The way of the dreamer is not instagrammable.
I’m always battling the non-instagrammable-vibes of my growing business. Often I overthink or avoid posting, because what I do isn’t shiny enough.
But know what? As the mother of my dream, it’s my responsibility to be more concerned for her (my dream) than for my image.
The way of the dreamer is not instagrammable. We are exhausted and excited, holding many things together, dropping a few too.
Chic, but definitely undead.
My original inspiration for this tee was a 1950’s housewife, cute apron tied over her full skirt, bending to get the roast from the oven. Only upon closer inspection, she was a zombie. Chic, but definitely undead. I was thinking of myself - makeup smeared, surfacing from my hidey hole to pick up my daughter after school.
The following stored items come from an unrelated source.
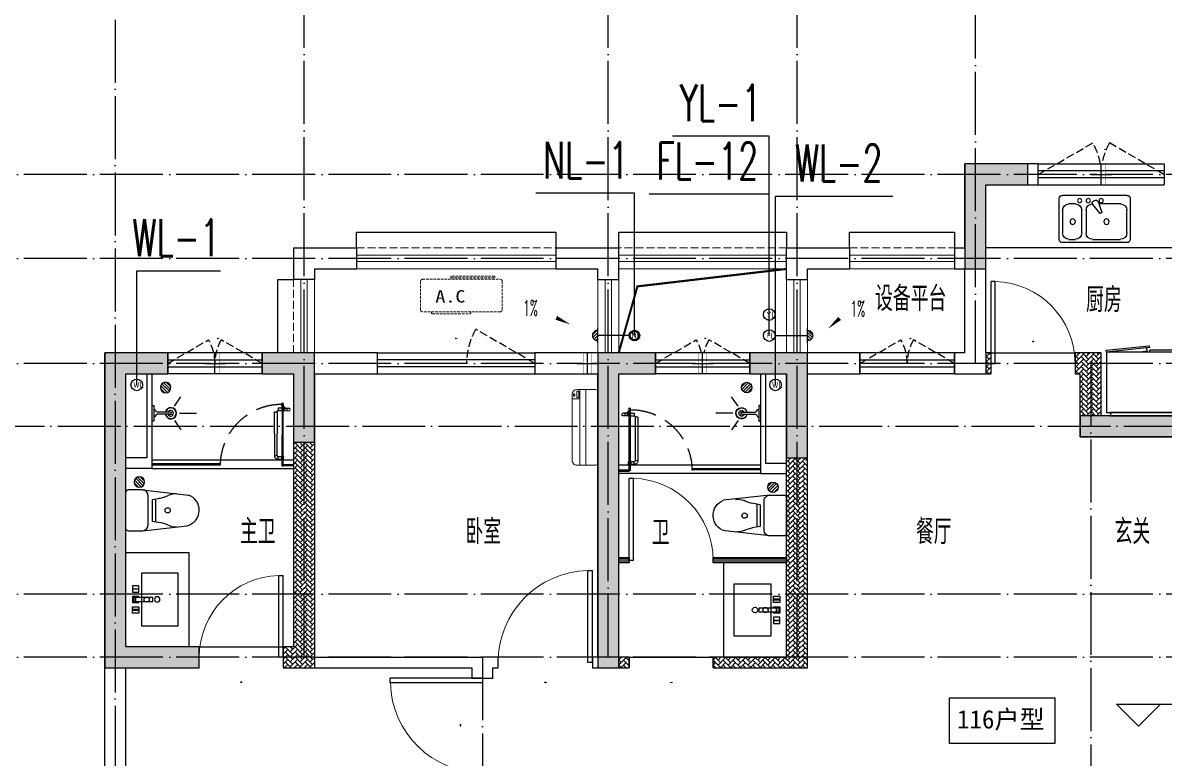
# Model space of a CAD drawing. Extents: x 27938 to 1507990, y 110129 to 923079.
# Drawn here: x 827036 to 837917, y 523579 to 530585 of the extents above; entities that cross this region are included whole.
import ezdxf

# ---------------------------------------------------------------- set-up
doc = ezdxf.new("R2010")
doc.units = 0
doc.header["$LTSCALE"] = 1000
doc.header["$MEASUREMENT"] = 0
doc.linetypes.add('DASH', pattern=[0.35, 0.25, -0.1])
doc.linetypes.add('DOTE', pattern=[2.42, 2, -0.2, 0.02, -0.2])
for name, color, linetype in [('AH-FURNITURE', 1, 'Continuous'), ('COLUMN', 9, 'Continuous'), ('CURTWALL', 4, 'Continuous'), ('DIM_ELEV', 3, 'Continuous'), ('DIM_凝结', 150, 'Continuous'), ('DIM_废水', 31, 'Continuous'), ('DIM_污水', 2, 'Continuous'), ('DIM_雨水', 4, 'Continuous'), ('DOTE', 1, 'Continuous'), ('EQUIP_污水', 7, 'Continuous'), ('IP-bath&kitchen-JOHNSON', 4, 'Continuous'), ('LVTRY', 6, 'Continuous'), ('P-bath&kitchen-JOHNSON', 4, 'Continuous'), ('PUB_HATCH', 8, 'Continuous'), ('PUB_TEXT', 4, 'Continuous'), ('VPIPE-中水', 122, 'Continuous'), ('VPIPE-凝结', 150, 'N'), ('VPIPE-废水', 31, 'Continuous'), ('VPIPE-污水', 2, 'W'), ('VPIPE-雨水', 4, 'Y'), ('WALL', 9, 'Continuous'), ('WINDOW', 4, 'Continuous'), ('WINDOW_TEXT', 7, 'Continuous'), ('保温', 6, 'Continuous'), ('建筑-排气道', 9, 'Continuous'), ('机电标识类', 1, 'Continuous'), ('看线', 251, 'Continuous')]:
    doc.layers.add(name, color=color, linetype=linetype)
for name, color, linetype, lineweight in [('平面-排水沟', 86, 'Continuous', 15), ('平面-栏杆', 135, 'Continuous', 15), ('平面-看线', 45, 'Continuous', 15), ('平面-空调室内机', 176, 'Continuous', 9), ('平面-空调预留孔', 173, 'Continuous', 15), ('空调', 76, 'Continuous', 13), ('立面-洞口示意', 152, 'Continuous', 13)]:
    doc.layers.add(name, color=color, linetype=linetype, lineweight=lineweight)
doc.styles.add('_TCH_DIM', font='SIMPLEX.shx', dxfattribs={"width": 0.7, "bigfont": 'GBCBIG.shx'})
doc.styles.add('_TCH_WINDOW', font='SIMPLEX.shx', dxfattribs={"width": 0.7, "height": 3.5, "bigfont": 'GBCBIG.shx'})
doc.styles.add('_TWT_SERIAL', font='SIMPLEX', dxfattribs={"width": 0.8, "height": 3.5, "bigfont": 'HZTXT'})
doc.styles.add('DIM_FONT', font='SIMPLEX.shx', dxfattribs={"width": 0.56})
doc.styles.get("Standard").update_dxf_attribs({"font": 'gbenor.shx', "bigfont": 'gbcbig.shx'})
doc.styles.add('黑体', font='simhei.ttf')
doc.linetypes.add('N', pattern='A,3,-0.2,["N",Standard,S=0.25,R=0,X=-0.1,Y=-0.115],-0.2', length=3.4)
doc.linetypes.add('W', pattern='A,3,-0.2,["W",Standard,S=0.25,R=0,X=-0.1,Y=-0.115],-0.2', length=3.4)
doc.linetypes.add('Y', pattern='A,3,-0.2,["Y",Standard,S=0.25,R=0,X=-0.1,Y=-0.115],-0.2', length=3.4)
pattern_1 = [(45, (0, 0), (0, 47.4157523), [100.584, -33.528]), (135, (23.708, 23.708), (3e-15, 47.4157523), [100.584, -33.528])]
pattern_2 = [(45, (407300, 154416.723), (0, 47.4157523), [100.584, -33.528]), (135, (407323.708, 154440.43), (3e-15, 47.4157523), [100.584, -33.528])]

# ---------------------------------------------------------------- blocks, each defined once
blk = doc.blocks.new('GDGDGDSDA')
at = {"layer": 'DOTE', "color": 0, "linetype": 'DOTE', "ltscale": 0.3}
for p, q in [((419335, 376108), (419335, 359558)), ((421135, 367858), (421135, 376108)), ((424035, 367858), (424035, 376108)), ((425835, 367858), (425835, 376108)), ((427535, 370658), (427535, 376108)), ((471335, 372458), (417335, 372458)), ((471335, 371658), (417335, 371658)), ((471335, 370658), (417335, 370658)), ((428635, 370658), (428635, 359558)), ((417335, 370059), (471335, 370059)), ((471335, 368458), (417335, 368458)), ((471335, 367858), (417335, 367858)), ((422835, 367858), (422835, 359558))]:
    blk.add_line(p, q, dxfattribs=at)
blk = doc.blocks.new('rrrrrrrrrrrra')
at = {"color": 0}
for p, q in [((-112, 459), (-112, 324)), ((253, 484), (-87, 484)), ((278, 324), (278, 459)), ((-112, 324), (-64, -103)), ((-59, 271), (224, 271)), ((-21, 232), (-34, 154)), ((186, 232), (-21, 232)), ((186, 232), (199, 154)), ((278, 324), (228, -116)), ((191, 200), (-26, 200))]:
    blk.add_line(p, q, dxfattribs=at)
for centre, radius, start, end in [((-87, 459), 25, 90, 180), ((253, 459), 25, 0, 90), ((-59, 324), 53.3, 180, 270), ((224, 324), 53.3, 270, 0), ((-323, 210), 294, 333.5369, 351.4828), ((488, 210), 294, 188.5172, 206.4631), ((149, -3), 224, 158.5202, 180), ((16, -3), 224, 0, 21.4798), ((84, -64), 153, 195.0773, 340.1181)]:
    blk.add_arc(centre, radius, start, end, dxfattribs=at)
blk = doc.blocks.new('A$C1E0F638F')
at = {"color": 0}
for points in [[(500, 435), (500, 85), (0, 85), (0, 435)], [(270, 30), (230, 30), (230, 195), (270, 195)], [(120, 0), (180, 0), (180, 60), (120, 60)], [(147, 55), (153, 55), (153, 5), (147, 5)], [(230, 30), (270, 30), (270, 10), (230, 10)], [(380, 0), (320, 0), (320, 60), (380, 60)], [(353, 55), (347, 55), (347, 5), (353, 5)]]:
    blk.add_lwpolyline(points, close=True, dxfattribs=at)
blk.add_lwpolyline([(270, 60), (280, 60), (280, 0), (220, 0), (220, 60), (230, 60)], dxfattribs=at)
blk.add_circle((250, 236), 26, dxfattribs=at)
blk = doc.blocks.new('$lvtry$00000171')
at = {"color": 0}
for p, q in [((-74, 11), (-11, 74)), ((-70, -27), (27, 70)), ((-53, -53), (53, 53)), ((-27, -70), (70, 27)), ((11, -74), (74, -11))]:
    blk.add_line(p, q, dxfattribs=at)
blk.add_circle((0, 0), 75, dxfattribs=at)
blk.add_point((0, 0), dxfattribs=at)
blk = doc.blocks.new('135')
blk.add_hatch(color=0).paths.add_polyline_path([(5, 2), (4, -1), (-5, 2), (-4, 5)])
at = {"color": 0}
for p, q in [((-6, 19), (-3, 19)), ((-3, 19), (-6, 19)), ((-6, 3), (5, -2)), ((-6, 3), (-5, 3)), ((-5, 11), (-5, 31)), ((5, 11), (-5, 11)), ((5, 10), (-5, 10)), ((-5, 3), (-4, 6)), ((-4, 6), (5, 2)), ((0, 0), (0, 39)), ((6, 19), (3, 19)), ((3, 19), (6, 19)), ((4, -1), (5, 2)), ((5, 11), (5, 32)), ((4, -1), (6, -2))]:
    blk.add_line(p, q, dxfattribs=at)
for centre, radius, start, end in [((6, 16), 13.5, 151.0147, 204.8403), ((13, 4), 20.5, 163.0924, 182.0012), ((-6, 4), 1, 184.2275, 248.4661), ((-5, 22), 0.5, 335.7643, 151.0147), ((4, 18), 9.42, 155.7643, 171.9773), ((9, 15), 14.6, 166.278, 198.0953), ((14, 4), 19.5, 163.7443, 182.5269), ((-5, 3), 0.5, 181.9385, 247.2597), ((5, 22), 0.5, 29.8425, 204.574), ((-6, 17), 11.7, 10.475, 24.574), ((-6, 15), 12.4, 338.6449, 16.0476), ((29, 7), 24, 172.9439, 199.2318), ((-6, 16), 13.4, 334.9111, 29.8425), ((26, 6), 20.6, 169.1454, 199.9526), ((6, -1), 1.17, 247.4597, 19.9526), ((6, -1), 0.5, 247.4597, 19.2318)]:
    blk.add_arc(centre, radius, start, end, dxfattribs=at)
blk.add_open_spline([(-5, 31), (-4, 31), (-2, 33), (1, 29), (3, 31), (5, 32)], degree=3, knots=[0, 0, 0, 0, 3.066329, 6.218313, 11.124135, 11.124135, 11.124135, 11.124135], dxfattribs=at)
blk = doc.blocks.new('SDFAWERAWER')
at = {"layer": 'LVTRY', "color": 0}
for p, q in [((593941, -1242210), (593784, -1242595)), ((593965, -1242220), (593807, -1242604)), ((593941, -1242210), (593965, -1242220)), ((593988, -1242191), (593978, -1242214)), ((594007, -1242226), (593978, -1242214)), ((594017, -1242203), (593988, -1242191)), ((594016, -1242220), (594027, -1242193)), ((594016, -1242220), (594022, -1242223)), ((594026, -1242204), (594018, -1242222)), ((594018, -1242222), (594021, -1242220)), ((594025, -1242211), (594021, -1242220)), ((594023, -1242221), (594022, -1242223)), ((594022, -1242223), (594024, -1242222)), ((594023, -1242211), (594030, -1242194)), ((594024, -1242221), (594024, -1242222)), ((594025, -1242211), (594031, -1242197)), ((594027, -1242193), (594033, -1242195)), ((594028, -1242234), (594078, -1242255)), ((594030, -1242194), (594031, -1242197)), ((594032, -1242197), (594033, -1242195)), ((594033, -1242195), (594034, -1242197)), ((594034, -1242198), (594034, -1242197)), ((594047, -1242201), (594036, -1242229)), ((594036, -1242229), (594039, -1242230)), ((594037, -1242211), (594088, -1242232)), ((594039, -1242230), (594045, -1242214)), ((594039, -1242230), (594042, -1242228)), ((594042, -1242228), (594051, -1242205)), ((594050, -1242202), (594043, -1242218)), ((594047, -1242201), (594050, -1242202)), ((594050, -1242202), (594051, -1242205)), ((594057, -1242246), (594067, -1242223)), ((593784, -1242595), (593807, -1242604)), ((593803, -1242641), (593813, -1242618)), ((593803, -1242641), (593833, -1242653)), ((593813, -1242618), (593842, -1242630)), ((593842, -1242630), (593833, -1242653)), ((593834, -1242656), (593833, -1242653)), ((593845, -1242629), (593834, -1242656)), ((593836, -1242657), (593834, -1242656)), ((593848, -1242630), (593836, -1242657)), ((593845, -1242629), (593842, -1242630)), ((593848, -1242630), (593845, -1242629)), ((593847, -1242662), (593858, -1242634)), ((593847, -1242662), (593850, -1242663)), ((593850, -1242663), (593861, -1242635)), ((593852, -1242662), (593862, -1242637)), ((593858, -1242634), (593861, -1242635)), ((593861, -1242635), (593862, -1242637))]:
    blk.add_line(p, q, dxfattribs=at)
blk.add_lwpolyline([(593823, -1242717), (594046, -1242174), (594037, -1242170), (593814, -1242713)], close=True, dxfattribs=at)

The first time I wore mine was after my daughter’s 24 hour flu, running on a couple hours of sleep, cleaning puke off various surfaces. I giggled to myself at how appropriate my tee was. But I didn’t design this art exclusively for mothers.
We wear this proudly, as the mother of undead dreams. Sophomore year of high school I started the journey I’m stilllll on. First I had to learn to draw, and sew. I had to find a school I could afford, figure out how to get to NYC. I had to live some life, get some inspiration, have a baby and learn to be a mom. Then I had to build a studio, build a product, build a custumer base. All of that was mothering - taking care of the needs of my dream.
If you’ve ever wondered how I could possibly have had a business for 10 years before becoming profitable, then you understand the zombie imagery. There have been seasons where my business has been non-existent; dead; in the ground.
So we are mothers: to dreams that need our patience, perseverance, steady hand, and work ethic.
We are zombies, like that housewife working her fingers to the bone (pun intended), undeniably chic, unapologetically a hot mess.
Our dreams are zombies: at times 6 feet under, but eventually rising from the earth again. And who’s waiting to greet them but their mama.
Wear this tee with a renewed commitment to wait on years-long-developments in your story. I paired mine with my over the knee boots, and also loved it tucked into a mini skirt, peeking out from under my denim jacket. ENJOY!